What to do = Look through the entries. Copy each line that has the word "origin".

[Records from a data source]

==================================================

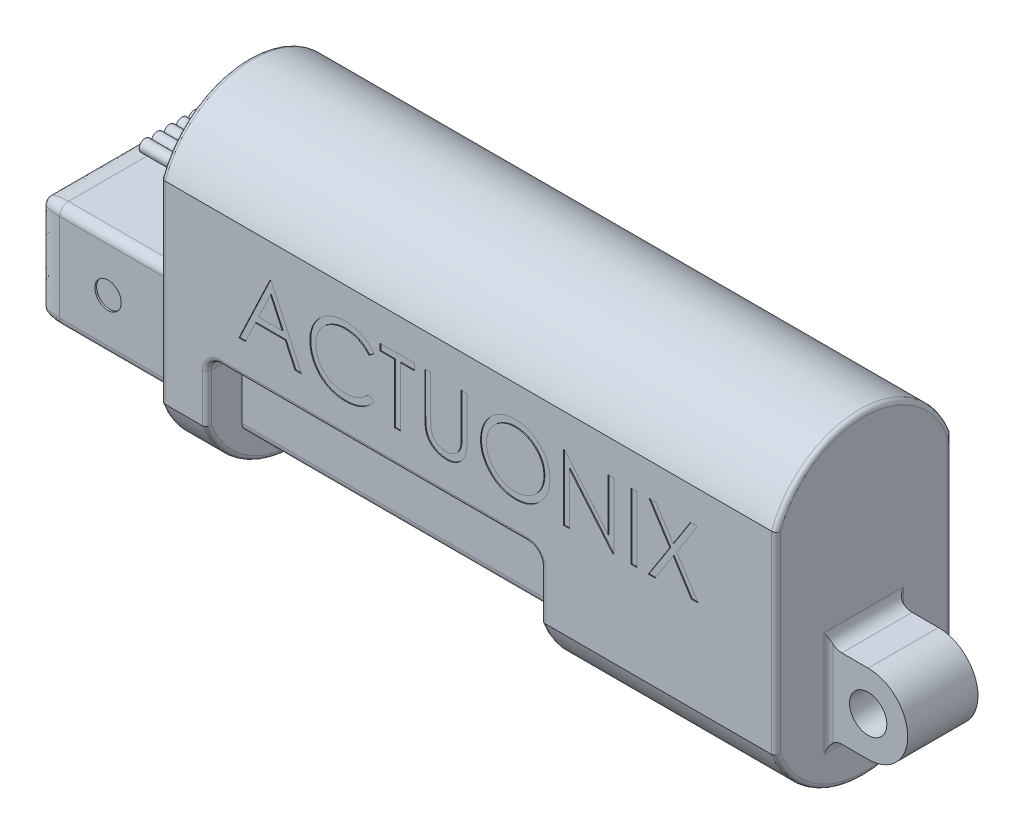
from build123d import *

# Parameters (mm, degrees)
SKETCH1_R               = 2.125
BOSS_EXTRUDE1_DEPTH     = 10
SKETCH2_W               = 9
SKETCH2_H               = 6
CUT_EXTRUDE1_DEPTH      = 58.723478759
SKETCH3_W               = 38
SKETCH3_H               = 4.5
CUT_EXTRUDE2_DEPTH      = 52.575187833
SKETCH4_W               = 38
SKETCH4_H               = 4
CUT_EXTRUDE3_DEPTH      = 9.5
CUT_EXTRUDE4_DEPTH      = 73.965745388
CUT_EXTRUDE4_DEPTH_BACK = 73.965745388
CUT_EXTRUDE5_DEPTH      = 73.965745388
BOSS_EXTRUDE2_DEPTH     = 4.31
SKETCH8_R               = 0.675
BOSS_EXTRUDE3_DEPTH     = 7.5
BOSS_EXTRUDE3_2_DEPTH   = 7.5
BOSS_EXTRUDE3_3_DEPTH   = 7.5
BOSS_EXTRUDE3_4_DEPTH   = 7.5
BOSS_EXTRUDE3_5_DEPTH   = 7.5
BOSS_EXTRUDE4_DEPTH     = 17.5
SKETCH10_R              = 4.5
CUT_EXTRUDE6_DEPTH      = 50
SKETCH12_W              = 0.673076923
SKETCH12_H              = 7.5
CUT_EXTRUDE7_DEPTH      = 0.1
SKETCH13_W              = 0.673076923
SKETCH13_H              = 7.5
CUT_EXTRUDE8_DEPTH      = 0.1
FILLET1_SIZE            = 2
FILLET1_SIZE_2          = 0.5
SKETCH14_R              = 1.5
CUT_EXTRUDE9_DEPTH      = 0.2
SKETCH15_R              = 1.5
CUT_EXTRUDE10_DEPTH     = 0.2
FILLET2_R               = 1.5
FILLET3_R               = 1.5
FILLET4_R               = 0.5
FILLET5_R               = 1
FILLET6_R               = 0.5


with BuildPart() as part:
    # Sketch1 → Boss-Extrude1 (new, symmetric)
    with BuildSketch(Plane.XY):
        with BuildLine():
            Line((39.5, -12), (35, -12))
            Line((35, -12), (35, -18))
            Line((35, -18), (-35, -18))
            Line((-35, -18), (-35, 18))
            Line((-35, 18), (35, 18))
            Line((35, 18), (35, -3))
            Line((35, -3), (39.5, -3))
            ThreePointArc((39.5, -3), (44, -7.5), (39.5, -12))
        make_face()
        with Locations((39.5, -7.5)):
            Circle(SKETCH1_R, mode=Mode.SUBTRACT)
    extrude(amount=BOSS_EXTRUDE1_DEPTH, both=True)

    # Sketch2 → Cut-Extrude1 (cut, through all)
    with BuildSketch(Plane(origin=(0, 18, 0), x_dir=(1, 0, 0), z_dir=(0, 1, 0))):
        with Locations((39.5, -7)):
            Rectangle(SKETCH2_W, SKETCH2_H)
        with Locations((39.5, 7)):
            Rectangle(SKETCH2_W, SKETCH2_H)
    extrude(amount=-CUT_EXTRUDE1_DEPTH, mode=Mode.SUBTRACT)

    # Sketch3 → Cut-Extrude2 (cut, through all)
    with BuildSketch(Plane.XY.offset(10)):
        with Locations((-10.75, -15.75)):
            Rectangle(SKETCH3_W, SKETCH3_H)
    extrude(amount=-CUT_EXTRUDE2_DEPTH, mode=Mode.SUBTRACT)

    # Sketch4 → Cut-Extrude3 (cut)
    with BuildSketch(Plane.XZ.offset(13.5)):
        with Locations((-10.75, -8)):
            Rectangle(SKETCH4_W, SKETCH4_H)
        with Locations((-10.75, 8)):
            Rectangle(SKETCH4_W, SKETCH4_H)
    extrude(amount=-CUT_EXTRUDE3_DEPTH, mode=Mode.SUBTRACT)

    # Sketch6 → Cut-Extrude4 (cut, two sides: drawn at the far end of the back side and taken through both)
    with BuildSketch(Plane(origin=(35, 0, 0), x_dir=(0, 0, -1), z_dir=(1, 0, 0)).offset(-CUT_EXTRUDE4_DEPTH_BACK)):
        with BuildLine():
            Line((-10, 18), (-10, 11))
            ThreePointArc((-10, 11), (-6.103277819, 16.076111146), (-2.8e-08, 18))
            Line((-2.8e-08, 18), (-10, 18))
        make_face()
        with BuildLine():
            Line((10, 18), (-2.8e-08, 18))
            ThreePointArc((-2.8e-08, 18), (6.103277797, 16.076111162), (10, 11))
            Line((10, 11), (10, 18))
        make_face()
    extrude(amount=CUT_EXTRUDE4_DEPTH + CUT_EXTRUDE4_DEPTH_BACK, mode=Mode.SUBTRACT)

    # Sketch7 → Cut-Extrude5 (cut, through all)
    with BuildSketch(Plane(origin=(35, 0, 0), x_dir=(0, 0, -1), z_dir=(1, 0, 0))):
        with BuildLine():
            ThreePointArc((-4.6e-08, -18), (-6.103277827, -16.076111141), (-10, -11))
            Line((-10, -11), (-10, -18))
            Line((-10, -18), (-4.6e-08, -18))
        make_face()
        with BuildLine():
            ThreePointArc((10, -11), (6.103277789, -16.076111167), (-4.6e-08, -18))
            Line((-4.6e-08, -18), (10, -18))
            Line((10, -18), (10, -11))
        make_face()
    extrude(amount=-CUT_EXTRUDE5_DEPTH, mode=Mode.SUBTRACT)


with BuildPart() as body_2:
    # Sketch5 → Boss-Extrude2 (new body)
    with BuildSketch(Plane.ZY.offset(35)):
        with BuildLine():
            Line((-5.625, 5.25), (1.125, 5.25))
            ThreePointArc((1.125, 5.25), (3, 3.375), (1.125, 1.5))
            Line((1.125, 1.5), (-5.625, 1.5))
            ThreePointArc((-5.625, 1.5), (-7.5, 3.375), (-5.625, 5.25))
        make_face()
    extrude(amount=BOSS_EXTRUDE2_DEPTH)


with BuildPart() as body_3:
    # Sketch8 → Boss-Extrude3 (new body)
    with BuildSketch(Plane.ZY.offset(39.31)):
        with Locations((-5.625, 3.375)):
            Circle(SKETCH8_R)
    extrude(amount=BOSS_EXTRUDE3_DEPTH)


with BuildPart() as body_4:
    # Sketch8 → Boss-Extrude3 2 (new body)
    with BuildSketch(Plane.ZY.offset(39.31)):
        with Locations((-4.225, 3.375)):
            Circle(SKETCH8_R)
    extrude(amount=BOSS_EXTRUDE3_2_DEPTH)


with BuildPart() as body_5:
    # Sketch8 → Boss-Extrude3 3 (new body)
    with BuildSketch(Plane.ZY.offset(39.31)):
        with Locations((-2.825, 3.375)):
            Circle(SKETCH8_R)
    extrude(amount=BOSS_EXTRUDE3_3_DEPTH)


with BuildPart() as body_6:
    # Sketch8 → Boss-Extrude3 4 (new body)
    with BuildSketch(Plane.ZY.offset(39.31)):
        with Locations((-1.425, 3.375)):
            Circle(SKETCH8_R)
    extrude(amount=BOSS_EXTRUDE3_4_DEPTH)


with BuildPart() as body_7:
    # Sketch8 → Boss-Extrude3 5 (new body)
    with BuildSketch(Plane.ZY.offset(39.31)):
        with Locations((-0.025, 3.375)):
            Circle(SKETCH8_R)
    extrude(amount=BOSS_EXTRUDE3_5_DEPTH)


with BuildPart() as body_8:
    # Sketch9 → Boss-Extrude4 (new body)
    with BuildSketch(Plane.ZY.offset(35)):
        with BuildLine():
            Line((-6, -4), (-6, -2.5))
            ThreePointArc((-6, -2.5), (-5.707106781, -1.792893219), (-5, -1.5))
            Line((-5, -1.5), (5, -1.5))
            ThreePointArc((5, -1.5), (5.707106781, -1.792893219), (6, -2.5))
            Line((6, -2.5), (6, -4))
            Line((6, -4), (6, -12.5))
            ThreePointArc((6, -12.5), (5.707106781, -13.207106781), (5, -13.5))
            Line((5, -13.5), (-5, -13.5))
            ThreePointArc((-5, -13.5), (-5.707106781, -13.207106781), (-6, -12.5))
            Line((-6, -12.5), (-6, -4))
        make_face()
    extrude(amount=BOSS_EXTRUDE4_DEPTH)


with BuildPart() as cut_extrude6_tool:
    # Sketch10 → Cut-Extrude6 (new body)
    with BuildSketch(Plane.ZY.offset(52.5)):
        with Locations((0, -7.5)):
            Circle(SKETCH10_R)
    extrude(amount=-CUT_EXTRUDE6_DEPTH)


with BuildPart() as part_1:
    add(part.part)

    # Cut-Extrude6: cut by cut_extrude6_tool
    add(cut_extrude6_tool.part, mode=Mode.SUBTRACT)

    # Sketch12 → Cut-Extrude7 (cut)
    # profile 1 of 8: a face of its own
    with BuildSketch(Plane.XY.offset(10)):
        Polygon((-22.451923077, 7.25), (-18.990384615, -0.25), (-19.722055288, -0.25), (-20.830829327, 2.153846154), (-24.230769231, 2.153846154), (-25.37109375, -0.25), (-26.105769231, -0.25), (-22.548076923, 7.25), align=None)
        Polygon((-22.507512019, 5.788161058), (-23.865685096, 2.923076923), (-21.185396635, 2.923076923), align=None, mode=Mode.SUBTRACT)
    # profile 2 of 8: a face of its own
    with BuildSketch(Plane.XY.offset(10)):
        with BuildLine():
            Line((-10.721153846, 5.873798077), (-11.310096154, 5.423076923))
            add(Edge.make_bspline(
                [(-11.310096154, 5.423076923), (-11.352108772, 5.473146858), (-11.435567586, 5.572611678), (-11.569837306, 5.71228213), (-11.709769398, 5.843136262), (-11.855310372, 5.965797433), (-12.009079914, 6.075976216), (-12.167353054, 6.179414294), (-12.332777436, 6.272130875), (-12.561531153, 6.38455156), (-12.860776543, 6.501864749), (-13.237479769, 6.600228816), (-13.630717837, 6.662845621), (-13.898998408, 6.669627424), (-14.035456731, 6.673076923)],
                knots=[0, 0, 0, 0, 0.757959112, 1.505699292, 2.245454638, 2.979532153, 3.711538275, 4.438200793, 5.171680507, 5.909471876, 7.393775596, 8.890124382, 10.418191784, 12, 12, 12, 12], degree=3))
            add(Edge.make_bspline(
                [(-14.035456731, 6.673076923), (-14.110635229, 6.672211289), (-14.260294499, 6.670488055), (-14.482398371, 6.647754215), (-14.700354909, 6.615801622), (-14.914022337, 6.568390216), (-15.123128676, 6.508448889), (-15.329040967, 6.436823002), (-15.528777966, 6.348205488), (-15.725102762, 6.250259217), (-15.913201072, 6.139628978), (-16.091176174, 6.01895751), (-16.258378962, 5.88959516), (-16.414941703, 5.751057075), (-16.561024449, 5.60396716), (-16.695568687, 5.446757856), (-16.818108851, 5.27993177), (-16.931073905, 5.105688754), (-17.032244048, 4.924536343), (-17.116950932, 4.73580405), (-17.191961909, 4.542723829), (-17.251317428, 4.343114198), (-17.298298536, 4.1383797), (-17.330714957, 3.927970869), (-17.353190253, 3.71232727), (-17.354904917, 3.566164457), (-17.355769231, 3.492487981)],
                knots=[0, 0, 0, 0, 1.054917814, 2.100044995, 3.131103042, 4.146048494, 5.169673617, 6.183595914, 7.203665975, 8.234915748, 9.262203917, 10.264457458, 11.251630812, 12.227803204, 13.197192746, 14.159520551, 15.12972552, 16.100847026, 17.073214652, 18.039054194, 19.002613845, 19.979014051, 20.95965708, 21.949030935, 22.966165397, 24, 24, 24, 24], degree=3))
            add(Edge.make_bspline(
                [(-17.355769231, 3.492487981), (-17.353065333, 3.381635152), (-17.347756588, 3.163990328), (-17.300510158, 2.845196162), (-17.228713534, 2.539794718), (-17.121108726, 2.249695056), (-16.988425046, 1.971320003), (-16.820766593, 1.709379603), (-16.626588299, 1.459915536), (-16.403143114, 1.228823505), (-16.157987794, 1.017722666), (-15.894956555, 0.831828562), (-15.61470451, 0.6768681), (-15.320326016, 0.547919643), (-15.009555772, 0.448798084), (-14.682952624, 0.379017819), (-14.34122692, 0.333498861), (-14.107721063, 0.329140958), (-13.988882212, 0.326923077)],
                knots=[0, 0, 0, 0, 1.029171465, 2.020641659, 2.987623507, 3.938342917, 4.889210282, 5.84687017, 6.821220943, 7.821438502, 8.827599549, 9.822697543, 10.807740252, 11.797342354, 12.80366471, 13.83203677, 14.896651826, 16, 16, 16, 16], degree=3))
            add(Edge.make_bspline(
                [(-13.988882212, 0.326923077), (-13.857947878, 0.330541891), (-13.600237787, 0.337664582), (-13.222306302, 0.39800583), (-12.860515376, 0.495844225), (-12.514845548, 0.632768345), (-12.186271306, 0.81076539), (-11.874278462, 1.026546556), (-11.578603668, 1.282164412), (-11.400808064, 1.477342544), (-11.310096154, 1.576923077)],
                knots=[0, 0, 0, 0, 1.028121516, 2.023589091, 2.998037872, 3.967518031, 4.937445131, 5.927275754, 6.942489185, 8, 8, 8, 8], degree=3))
            Line((-11.310096154, 1.576923077), (-10.721153846, 1.130709135))
            add(Edge.make_bspline(
                [(-10.721153846, 1.130709135), (-10.768549796, 1.069555309), (-10.863114671, 0.947540581), (-11.016238994, 0.775529775), (-11.177547488, 0.613735413), (-11.348238295, 0.463461939), (-11.526347849, 0.32170237), (-11.715074232, 0.19248416), (-11.911936445, 0.074003694), (-12.116267471, -0.034482573), (-12.327850213, -0.130733817), (-12.546431145, -0.213134748), (-12.771068092, -0.284116654), (-13.001771324, -0.342513661), (-13.239019375, -0.388094555), (-13.481956105, -0.418565287), (-13.731105838, -0.439440818), (-13.899194597, -0.441343495), (-13.984375, -0.442307692)],
                knots=[0, 0, 0, 0, 0.986787822, 1.968848986, 2.935600012, 3.899624008, 4.868462664, 5.837806735, 6.815139263, 7.798259679, 8.787526145, 9.778297419, 10.776456485, 11.791383307, 12.812564526, 13.85620153, 14.913611965, 16, 16, 16, 16], degree=3))
            add(Edge.make_bspline(
                [(-13.984375, -0.442307692), (-14.065040001, -0.44174628), (-14.224545051, -0.440636156), (-14.460042376, -0.42265294), (-14.689305763, -0.398117789), (-14.911679962, -0.361174651), (-15.12837848, -0.317579637), (-15.337436875, -0.25914123), (-15.540912326, -0.19367873), (-15.737987341, -0.116739473), (-15.928829555, -0.029919082), (-16.112823437, 0.068205687), (-16.289884363, 0.176809683), (-16.461753122, 0.293498991), (-16.625890802, 0.422021781), (-16.783719785, 0.560593141), (-16.936125091, 0.708746021), (-17.030416559, 0.815577849), (-17.077824519, 0.869290865)],
                knots=[0, 0, 0, 0, 1.114604814, 2.203992996, 3.262667896, 4.300477797, 5.318619304, 6.316056647, 7.298880507, 8.271930387, 9.238335007, 10.195173496, 11.151986948, 12.108099108, 13.064862484, 14.031167946, 15.010108607, 16, 16, 16, 16], degree=3))
            add(Edge.make_bspline(
                [(-17.077824519, 0.869290865), (-17.153758041, 0.962593413), (-17.304708349, 1.148072078), (-17.497834813, 1.448684895), (-17.663151003, 1.762545343), (-17.79681369, 2.091302333), (-17.901305261, 2.434218163), (-17.973693537, 2.791465694), (-18.020732689, 3.162711284), (-18.026111879, 3.415218688), (-18.028846154, 3.543569712)],
                knots=[0, 0, 0, 0, 0.994628077, 1.977248131, 2.950237994, 3.925870899, 4.908910175, 5.911660606, 6.938484602, 8, 8, 8, 8], degree=3))
            add(Edge.make_bspline(
                [(-18.028846154, 3.543569712), (-18.025513596, 3.678474255), (-18.018956997, 3.943890522), (-17.963251721, 4.333406136), (-17.873640015, 4.706587705), (-17.746360968, 5.062738586), (-17.584992358, 5.403732044), (-17.385649614, 5.726963197), (-17.150648595, 6.034499196), (-16.881832379, 6.321673663), (-16.587045232, 6.58425799), (-16.271362059, 6.815271284), (-15.935400744, 7.007523104), (-15.58286249, 7.168229167), (-15.211107458, 7.291753016), (-14.82092881, 7.37822413), (-14.413059707, 7.432046522), (-14.134783081, 7.438850539), (-13.993389423, 7.442307692)],
                knots=[0, 0, 0, 0, 1.032925535, 2.032216505, 3.007276963, 3.968222605, 4.92396291, 5.891752235, 6.871517503, 7.883894988, 8.900124299, 9.891468569, 10.874487609, 11.85992873, 12.854644235, 13.869047385, 14.917252991, 16, 16, 16, 16], degree=3))
            add(Edge.make_bspline(
                [(-13.993389423, 7.442307692), (-13.907215555, 7.441274539), (-13.73664306, 7.439229516), (-13.484315948, 7.419287783), (-13.238653819, 7.386044341), (-12.999487429, 7.34079562), (-12.765653251, 7.284637074), (-12.538938449, 7.211479292), (-12.318012692, 7.127829582), (-12.104269317, 7.031490012), (-11.898733853, 6.923346995), (-11.701470313, 6.80459923), (-11.514045616, 6.675393933), (-11.33514094, 6.536829985), (-11.16774906, 6.38597593), (-11.00711732, 6.226981081), (-10.858700724, 6.055265744), (-10.767086735, 5.934398028), (-10.721153846, 5.873798077)],
                knots=[0, 0, 0, 0, 1.096760587, 2.17092713, 3.219439832, 4.250915756, 5.268269357, 6.278326846, 7.281116186, 8.274029601, 9.260640565, 10.235837813, 11.203064059, 12.156899882, 13.114053108, 14.069676657, 15.032185724, 16, 16, 16, 16], degree=3))
        make_face()
    # profile 3 of 8: a face of its own
    with BuildSketch(Plane.XY.offset(10)):
        Polygon((-10.048076923, 6.480769231), (-10.048076923, 7.25), (-6.105769231, 7.25), (-6.105769231, 6.480769231), (-7.740384615, 6.480769231), (-7.740384615, -0.25), (-8.413461538, -0.25), (-8.413461538, 6.480769231), align=None)
    # profile 4 of 8: a face of its own
    with BuildSketch(Plane.XY.offset(10)):
        with BuildLine():
            Line((-4.951923077, 7.25), (-4.278846154, 7.25))
            Line((-4.278846154, 7.25), (-4.278846154, 2.756310096))
            add(Edge.make_bspline(
                [(-4.278846154, 2.756310096), (-4.27894632, 2.69270852), (-4.279136401, 2.572013568), (-4.277866729, 2.400224352), (-4.274310939, 2.247497654), (-4.272069169, 2.113244766), (-4.267082025, 1.998081736), (-4.263014782, 1.901384642), (-4.257785018, 1.823611351), (-4.251499766, 1.778223652), (-4.248798077, 1.758713942)],
                knots=[0, 0, 0, 0, 1.528628734, 2.90083645, 4.128790002, 5.200304208, 6.127813768, 6.898992206, 7.526736466, 8, 8, 8, 8], degree=3))
            add(Edge.make_bspline(
                [(-4.248798077, 1.758713942), (-4.237703522, 1.688328021), (-4.216139552, 1.551522173), (-4.161183028, 1.356718712), (-4.08443124, 1.181151301), (-3.993481863, 1.019341391), (-3.873626267, 0.875792763), (-3.730047263, 0.743553507), (-3.556094902, 0.62789964), (-3.362679318, 0.5221479), (-3.154210952, 0.437151295), (-2.94118681, 0.3728798), (-2.726808997, 0.333710729), (-2.583288644, 0.329175288), (-2.512019231, 0.326923077)],
                knots=[0, 0, 0, 0, 1.035780045, 2.013197591, 2.933192213, 3.817615948, 4.702609284, 5.640816605, 6.646850145, 7.73207398, 8.84249596, 9.914020372, 10.964143139, 12, 12, 12, 12], degree=3))
            add(Edge.make_bspline(
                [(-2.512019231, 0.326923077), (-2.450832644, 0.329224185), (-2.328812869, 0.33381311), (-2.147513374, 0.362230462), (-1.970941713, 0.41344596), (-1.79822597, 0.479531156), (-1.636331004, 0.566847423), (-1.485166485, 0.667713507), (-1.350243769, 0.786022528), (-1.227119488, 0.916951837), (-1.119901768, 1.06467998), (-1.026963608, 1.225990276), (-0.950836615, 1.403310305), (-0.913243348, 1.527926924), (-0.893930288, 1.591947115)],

==================================================

The completed task =
    with BuildSketch(Plane(origin=(0, 18, 0), x_dir=(1, 0, 0), z_dir=(0, 1, 0))):
    with BuildSketch(Plane(origin=(35, 0, 0), x_dir=(0, 0, -1), z_dir=(1, 0, 0)).offset(-CUT_EXTRUDE4_DEPTH_BACK)):
    with BuildSketch(Plane(origin=(35, 0, 0), x_dir=(0, 0, -1), z_dir=(1, 0, 0))):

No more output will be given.